Study material -
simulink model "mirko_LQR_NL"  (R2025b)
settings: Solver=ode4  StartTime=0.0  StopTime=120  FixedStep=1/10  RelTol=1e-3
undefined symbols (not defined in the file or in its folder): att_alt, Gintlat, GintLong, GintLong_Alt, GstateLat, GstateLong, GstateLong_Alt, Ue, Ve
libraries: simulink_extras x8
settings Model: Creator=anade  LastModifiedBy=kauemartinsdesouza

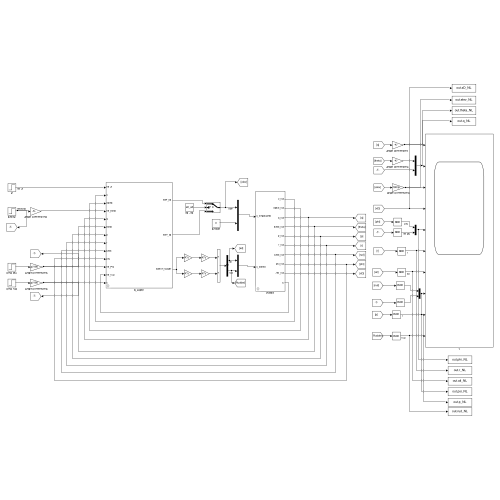
[thumbnail: Simulink's stored preview of the top-level diagram]
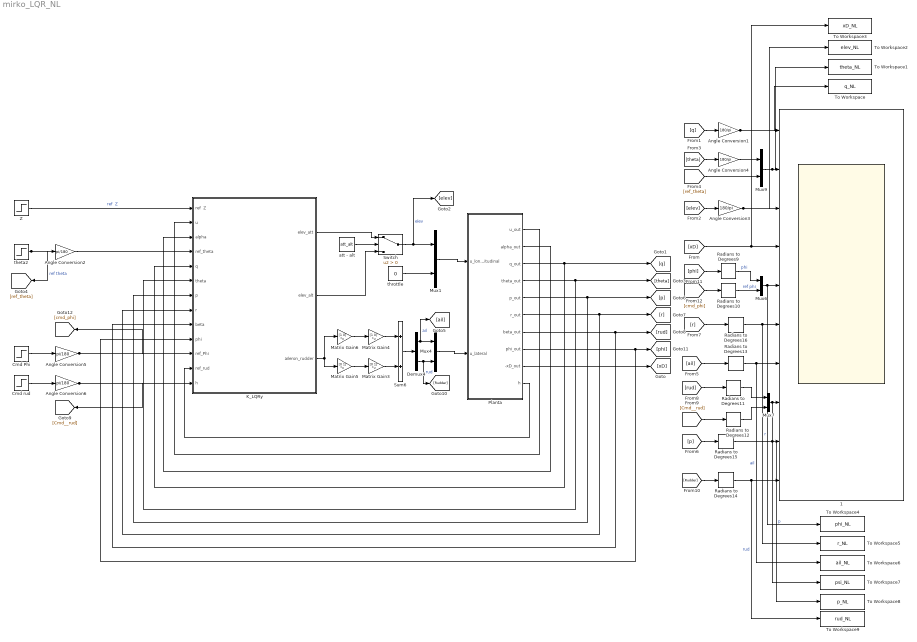
== system mirko_LQR_NL ==
  " 1" : Scope  NumInputPorts=10
      settings: ActiveDisplayString=10  DataLoggingVariableName=ScopeData4
  " Z " : Step  Time=5  After=0  SampleTime=0
  Angle Conversion1 : Gain  Gain=180/pi
  Angle Conversion2 : Gain  Gain=pi/180
  Angle Conversion3 : Gain  Gain=180/pi
  Angle Conversion4 : Gain  Gain=180/pi
  Angle Conversion5 : Gain  Gain=pi/180
  Angle Conversion6 : Gain  Gain=pi/180
  Cmd Phi : Step  Time=30  After=5  SampleTime=0
  Cmd rud : Step  Time=10  After=0  SampleTime=0
  Demux4 : Demux  Outputs=2
      settings: DisplayOption=none
  K_LQRy : Subsystem
  Matrix Gain3 : Gain  Gain=[0 1]'  Multiplication=Matrix(K*u)  SaturateOnIntegerOverflow=on  OutDataTypeStr=Inherit: Same as input  ParamDataTypeStr=Inherit: Same as input
  Matrix Gain4 : Gain  Gain=[1 0]'  Multiplication=Matrix(K*u)  SaturateOnIntegerOverflow=on  OutDataTypeStr=Inherit: Same as input  ParamDataTypeStr=Inherit: Same as input
  Matrix Gain5 : Gain  Gain=[0 1]  Multiplication=Matrix(K*u)  SaturateOnIntegerOverflow=on  OutDataTypeStr=Inherit: Same as input  ParamDataTypeStr=Inherit: Same as input
  Matrix Gain6 : Gain  Gain=[1 0]  Multiplication=Matrix(K*u)  SaturateOnIntegerOverflow=on  OutDataTypeStr=Inherit: Same as input  ParamDataTypeStr=Inherit: Same as input
  Mux{1,4,6..7,9} (5 alike) : Mux  Inputs=2
  Planta : Subsystem
  Radians to Degrees{9..16} (8 alike) : simulink_extras/Transformations/Radians to Degrees
  Sum6 : Sum  Inputs=2  SaturateOnIntegerOverflow=on
  Switch : Switch  Criteria=u2 > Threshold  SaturateOnIntegerOverflow=off  InputSameDT=off
  To Workspace : ToWorkspace  VariableName=q_NL  SaveFormat=Structure With Time  SampleTime=-1
  To Workspace1 : ToWorkspace  VariableName=theta_NL  SaveFormat=Structure With Time  SampleTime=-1
  To Workspace2 : ToWorkspace  VariableName=elev_NL  SaveFormat=Structure With Time  SampleTime=-1
  To Workspace3 : ToWorkspace  VariableName=xD_NL  SaveFormat=Structure With Time  SampleTime=-1
  To Workspace4 : ToWorkspace  VariableName=phi_NL  SaveFormat=Structure With Time  SampleTime=-1
  To Workspace5 : ToWorkspace  VariableName=r_NL  SaveFormat=Structure With Time  SampleTime=-1
  To Workspace6 : ToWorkspace  VariableName=ail_NL  SaveFormat=Structure With Time  SampleTime=-1
  To Workspace7 : ToWorkspace  VariableName=psi_NL  SaveFormat=Structure With Time  SampleTime=-1
  To Workspace8 : ToWorkspace  VariableName=p_NL  SaveFormat=Structure With Time  SampleTime=-1
  To Workspace9 : ToWorkspace  VariableName=rud_NL  SaveFormat=Structure With Time  SampleTime=-1
  att - alt : Constant  Value=att_alt
  theta2 : Step  Time=5  After=5  SampleTime=0
  throttle : Constant  Value=0
  wires:
  Mux9/1 -> To Workspace1/1, " 1"/2
  theta2/1 -> [ref_theta], Angle Conversion2/1  "ref theta"
  Radians to Degrees13/1 -> To Workspace6/1, " 1"/7  "ail"
  Demux4/2 -> Mux4/2, [Rudder]  "rud"
  Radians to Degrees11/1 -> Mux7/1
  Radians to Degrees15/1 -> To Workspace8/1, " 1"/9  "p"
  Matrix Gain5/1 -> Matrix Gain3/1
  Matrix Gain4/1 -> Sum6/1
  Radians to Degrees9/1 -> Mux6/1  "phi"
  Matrix Gain3/1 -> Sum6/2
  Mux6/1 -> " 1"/5, To Workspace4/1
  Matrix Gain6/1 -> Matrix Gain4/1
  Sum6/1 -> Demux4/1
  Radians to Degrees10/1 -> Mux6/2  "ref phi"
  Radians to Degrees14/1 -> To Workspace9/1, " 1"/10  "rud"
  Mux7/1 -> To Workspace7/1, " 1"/8
  Radians to Degrees12/1 -> Mux7/2
  Radians to Degrees16/1 -> To Workspace5/1, " 1"/6  "r"
  Demux4/1 -> [ail], Mux4/1  "ail"
  [xD] -> " 1"/4, To Workspace3/1
  [ref_theta] -> Mux9/2
  [ail] -> Radians to Degrees13/1
  [p] -> Radians to Degrees15/1
  [r] -> Radians to Degrees16/1
  [rud] -> Radians to Degrees11/1
  [Cmd__rud] -> Radians to Degrees12/1
  [Rudder] -> Radians to Degrees14/1
  [phi] -> Radians to Degrees9/1
  [cmd_phi] -> Radians to Degrees10/1
  Switch/1 -> [elev], Mux1/1  "elev"
  throttle/1 -> Mux1/2
  Planta/7(beta_out) -> K_LQRy/9(beta), [rud]
  Planta/5(p_out) -> K_LQRy/7(p), [p]
  Planta/3(q_out) -> K_LQRy/5(q), [q]
  Planta/4(theta_out) -> K_LQRy/6(theta), [theta]
  Planta/8(phi_out) -> K_LQRy/10(phi), [phi]
  Planta/6(r_out) -> K_LQRy/8(r), [r]
  Mux1/1 -> Planta/1(u_longitudinal)
  Mux4/1 -> Planta/2(u_lateral)
  Planta/9(-xD_out) -> [xD]
  K_LQRy/3(aileron_rudder) -> Matrix Gain6/1, Matrix Gain5/1
  " Z "/1 -> K_LQRy/1(ref  Z)  "ref  Z"
  Planta/1(u_out) -> K_LQRy/2(u)
  Planta/2(alpha_out) -> K_LQRy/3(alpha)
  Planta/10(h) -> K_LQRy/13("h ")
  K_LQRy/1(elev_att) -> Switch/1
  K_LQRy/2(elev_alt) -> Switch/3
  att - alt/1 -> Switch/2
  [q] -> Angle Conversion1/1
  Angle Conversion1/1 -> To Workspace/1, " 1"/1
  Angle Conversion2/1 -> K_LQRy/4(ref_theta)
  [elev] -> Angle Conversion3/1
  Angle Conversion3/1 -> " 1"/3, To Workspace2/1
  [theta] -> Angle Conversion4/1
  Angle Conversion4/1 -> Mux9/1
  Cmd Phi/1 -> Angle Conversion5/1
  Angle Conversion5/1 -> K_LQRy/11(ref_Phi), [cmd_phi]
  Cmd rud/1 -> Angle Conversion6/1
  Angle Conversion6/1 -> K_LQRy/12(ref_rud), [Cmd__rud]

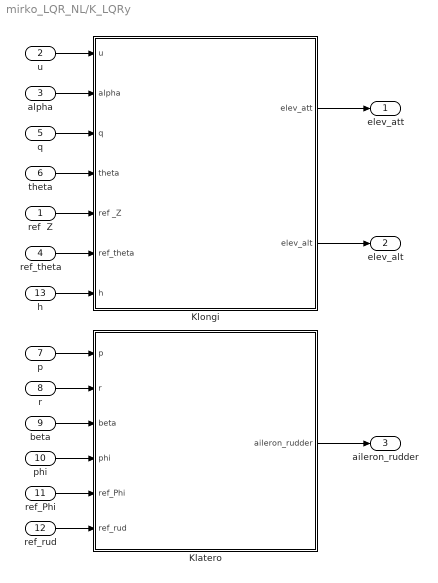
== system mirko_LQR_NL/K_LQRy ==
  ref  Z : Inport
  u : Inport  Port=2
  alpha : Inport  Port=3
  ref_theta : Inport  Port=4
  q : Inport  Port=5
  theta : Inport  Port=6
  p : Inport  Port=7
  r : Inport  Port=8
  beta : Inport  Port=9
  phi : Inport  Port=10
  ref_Phi : Inport  Port=11
  ref_rud : Inport  Port=12
  "h " : Inport  Port=13
  Klatero : Subsystem
  Klongi : Subsystem
  elev_att : Outport
  elev_alt : Outport  Port=2
  aileron_rudder : Outport  Port=3
  wires:
  p/1 -> Klatero/1(p)
  theta/1 -> Klongi/4(theta)
  phi/1 -> Klatero/4(phi)
  u/1 -> Klongi/1(u)
  r/1 -> Klatero/2(r)
  q/1 -> Klongi/3(q)
  beta/1 -> Klatero/3(beta)
  "h "/1 -> Klongi/7("h ")
  ref  Z/1 -> Klongi/5(ref _Z)
  Klatero/1(aileron_rudder) -> aileron_rudder/1
  ref_theta/1 -> Klongi/6(ref_theta)
  alpha/1 -> Klongi/2(alpha)
  ref_rud/1 -> Klatero/6(ref_rud)
  Klongi/1(elev_att) -> elev_att/1
  Klongi/2(elev_alt) -> elev_alt/1
  ref_Phi/1 -> Klatero/5(ref_Phi)

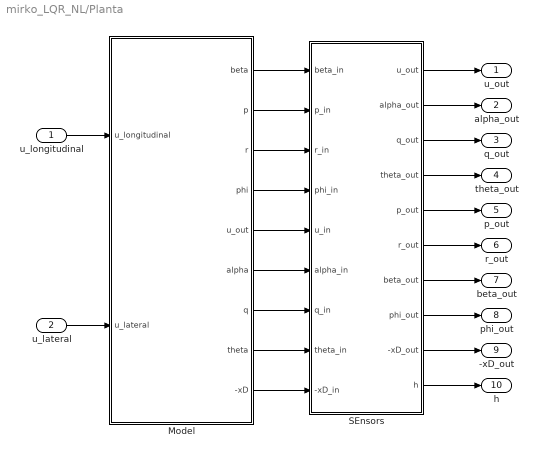
== system mirko_LQR_NL/Planta ==
  u_longitudinal : Inport
  u_lateral : Inport  Port=2
  Model : Subsystem
  SEnsors : Subsystem
  u_out : Outport
  alpha_out : Outport  Port=2
  q_out : Outport  Port=3
  theta_out : Outport  Port=4
  p_out : Outport  Port=5
  r_out : Outport  Port=6
  beta_out : Outport  Port=7
  phi_out : Outport  Port=8
  -xD_out : Outport  Port=9
  h : Outport  Port=10
  wires:
  SEnsors/2(alpha_out) -> alpha_out/1
  SEnsors/3(q_out) -> q_out/1
  SEnsors/1(u_out) -> u_out/1
  Model/7(q) -> SEnsors/7(q_in)
  SEnsors/5(p_out) -> p_out/1
  Model/8(theta) -> SEnsors/8(theta_in)
  SEnsors/4(theta_out) -> theta_out/1
  u_lateral/1 -> Model/2(u_lateral)
  Model/1(beta) -> SEnsors/1(beta_in)
  SEnsors/6(r_out) -> r_out/1
  SEnsors/7(beta_out) -> beta_out/1
  Model/4(phi) -> SEnsors/4(phi_in)
  Model/5(u_out) -> SEnsors/5(u_in)
  SEnsors/9(-xD_out) -> -xD_out/1
  Model/2(p) -> SEnsors/2(p_in)
  Model/9("-xD ") -> SEnsors/9(-xD_in)
  SEnsors/8(phi_out) -> phi_out/1
  Model/3(r) -> SEnsors/3(r_in)
  u_longitudinal/1 -> Model/1(u_longitudinal)
  Model/6(alpha) -> SEnsors/6(alpha_in)
  SEnsors/10(h) -> h/1

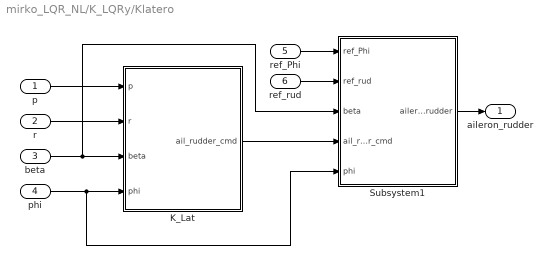
== system mirko_LQR_NL/K_LQRy/Klatero ==
  p : Inport
  r : Inport  Port=2
  beta : Inport  Port=3
  phi : Inport  Port=4
  ref_Phi : Inport  Port=5
  ref_rud : Inport  Port=6
  K_Lat : Subsystem
  Subsystem1 : Subsystem
  aileron_rudder : Outport
  wires:
  K_Lat/1(ail_rudder_cmd) -> Subsystem1/4(ail_rudder_cmd)
  ref_rud/1 -> Subsystem1/2(ref_rud)
  r/1 -> K_Lat/2(r)
  ref_Phi/1 -> Subsystem1/1(ref_Phi)
  beta/1 -> K_Lat/3(beta), Subsystem1/3(beta)
  p/1 -> K_Lat/1(p)
  phi/1 -> K_Lat/4(phi), Subsystem1/5(phi)
  Subsystem1/1(aileron_rudder) -> aileron_rudder/1

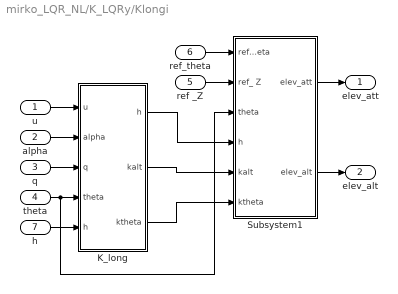
== system mirko_LQR_NL/K_LQRy/Klongi ==
  u : Inport
  alpha : Inport  Port=2
  q : Inport  Port=3
  theta : Inport  Port=4
  ref _Z : Inport  Port=5
  ref_theta : Inport  Port=6
  "h " : Inport  Port=7
  K_long : Subsystem
  Subsystem1 : Subsystem
  elev_att : Outport
  elev_alt : Outport  Port=2
  wires:
  ref_theta/1 -> Subsystem1/1(ref_theta)
  u/1 -> K_long/1(u)
  K_long/2(kalt) -> Subsystem1/5(kalt)
  K_long/1(h) -> Subsystem1/4(h)
  alpha/1 -> K_long/2(alpha)
  q/1 -> K_long/3(q)
  ref _Z/1 -> Subsystem1/2(ref_ Z)
  Subsystem1/1(elev_att) -> elev_att/1
  K_long/3(ktheta) -> Subsystem1/6(ktheta)
  Subsystem1/2(elev_alt) -> elev_alt/1
  theta/1 -> K_long/4(theta), Subsystem1/3(theta)
  "h "/1 -> K_long/5("h ")

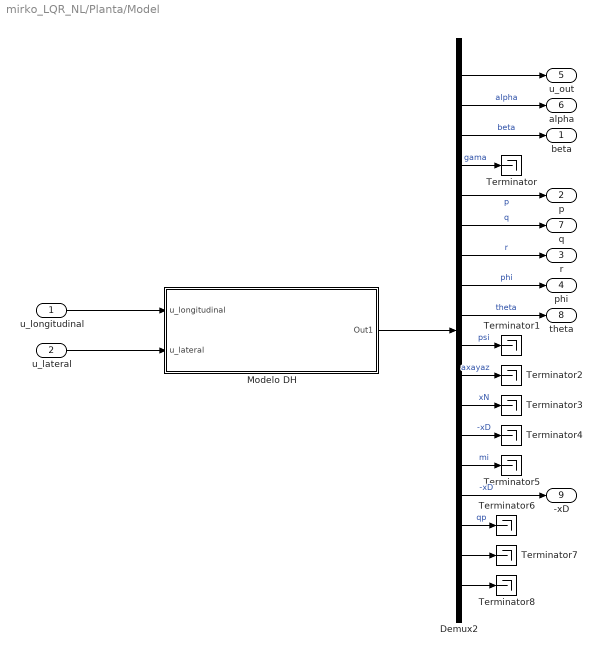
== system mirko_LQR_NL/Planta/Model ==
  u_longitudinal : Inport
  u_lateral : Inport  Port=2
  Demux2 : Demux  Outputs=18
  Modelo DH : Subsystem
  Terminator{,1..8} (9 alike) : Terminator
  beta : Outport
  p : Outport  Port=2
  r : Outport  Port=3
  phi : Outport  Port=4
  u_out : Outport  Port=5
  alpha : Outport  Port=6
  q : Outport  Port=7
  theta : Outport  Port=8
  "-xD " : Outport  Port=9
  wires:
  Demux2/9 -> theta/1  "theta"
  u_longitudinal/1 -> Modelo DH/1(u_longitudinal)
  Demux2/3 -> beta/1  "beta"
  Demux2/5 -> p/1  "p"
  Demux2/7 -> r/1  "r"
  Demux2/1 -> u_out/1
  Demux2/2 -> alpha/1  "alpha"
  Demux2/8 -> phi/1  "phi"
  Modelo DH/1(Out1) -> Demux2/1
  Demux2/15 -> "-xD "/1  "-xD"
  Demux2/6 -> q/1  "q"
  u_lateral/1 -> Modelo DH/2(u_lateral)
  Demux2/4 -> Terminator/1  "gama"
  Demux2/10 -> Terminator1/1  "psi"
  Demux2/11 -> Terminator2/1  "axayaz"
  Demux2/12 -> Terminator3/1  "xN"
  Demux2/13 -> Terminator4/1  "-xD"
  Demux2/14 -> Terminator5/1  "mi"
  Demux2/16 -> Terminator6/1  "qp"
  Demux2/17 -> Terminator7/1
  Demux2/18 -> Terminator8/1

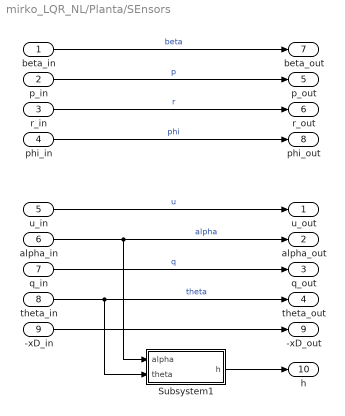
== system mirko_LQR_NL/Planta/SEnsors ==
  beta_in : Inport
  p_in : Inport  Port=2
  r_in : Inport  Port=3
  phi_in : Inport  Port=4
  u_in : Inport  Port=5
  alpha_in : Inport  Port=6
  q_in : Inport  Port=7
  theta_in : Inport  Port=8
  -xD_in : Inport  Port=9
  Subsystem1 : Subsystem
  u_out : Outport
  alpha_out : Outport  Port=2
  q_out : Outport  Port=3
  theta_out : Outport  Port=4
  p_out : Outport  Port=5
  r_out : Outport  Port=6
  beta_out : Outport  Port=7
  phi_out : Outport  Port=8
  -xD_out : Outport  Port=9
  h : Outport  Port=10
  wires:
  p_in/1 -> p_out/1  "p"
  phi_in/1 -> phi_out/1  "phi"
  r_in/1 -> r_out/1  "r"
  alpha_in/1 -> alpha_out/1, Subsystem1/1(alpha)  "alpha"
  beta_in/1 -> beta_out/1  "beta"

Assigned task - Among the records above, only the lines between the line holding "settings: DisplayOption=none" and the line holding "Planta : Subsystem", inclusive, are to be output, exactly as written.

Exercise response -
      settings: DisplayOption=none
  K_LQRy : Subsystem
  Matrix Gain3 : Gain  Gain=[0 1]'  Multiplication=Matrix(K*u)  SaturateOnIntegerOverflow=on  OutDataTypeStr=Inherit: Same as input  ParamDataTypeStr=Inherit: Same as input
  Matrix Gain4 : Gain  Gain=[1 0]'  Multiplication=Matrix(K*u)  SaturateOnIntegerOverflow=on  OutDataTypeStr=Inherit: Same as input  ParamDataTypeStr=Inherit: Same as input
  Matrix Gain5 : Gain  Gain=[0 1]  Multiplication=Matrix(K*u)  SaturateOnIntegerOverflow=on  OutDataTypeStr=Inherit: Same as input  ParamDataTypeStr=Inherit: Same as input
  Matrix Gain6 : Gain  Gain=[1 0]  Multiplication=Matrix(K*u)  SaturateOnIntegerOverflow=on  OutDataTypeStr=Inherit: Same as input  ParamDataTypeStr=Inherit: Same as input
  Mux{1,4,6..7,9} (5 alike) : Mux  Inputs=2
  Planta : Subsystem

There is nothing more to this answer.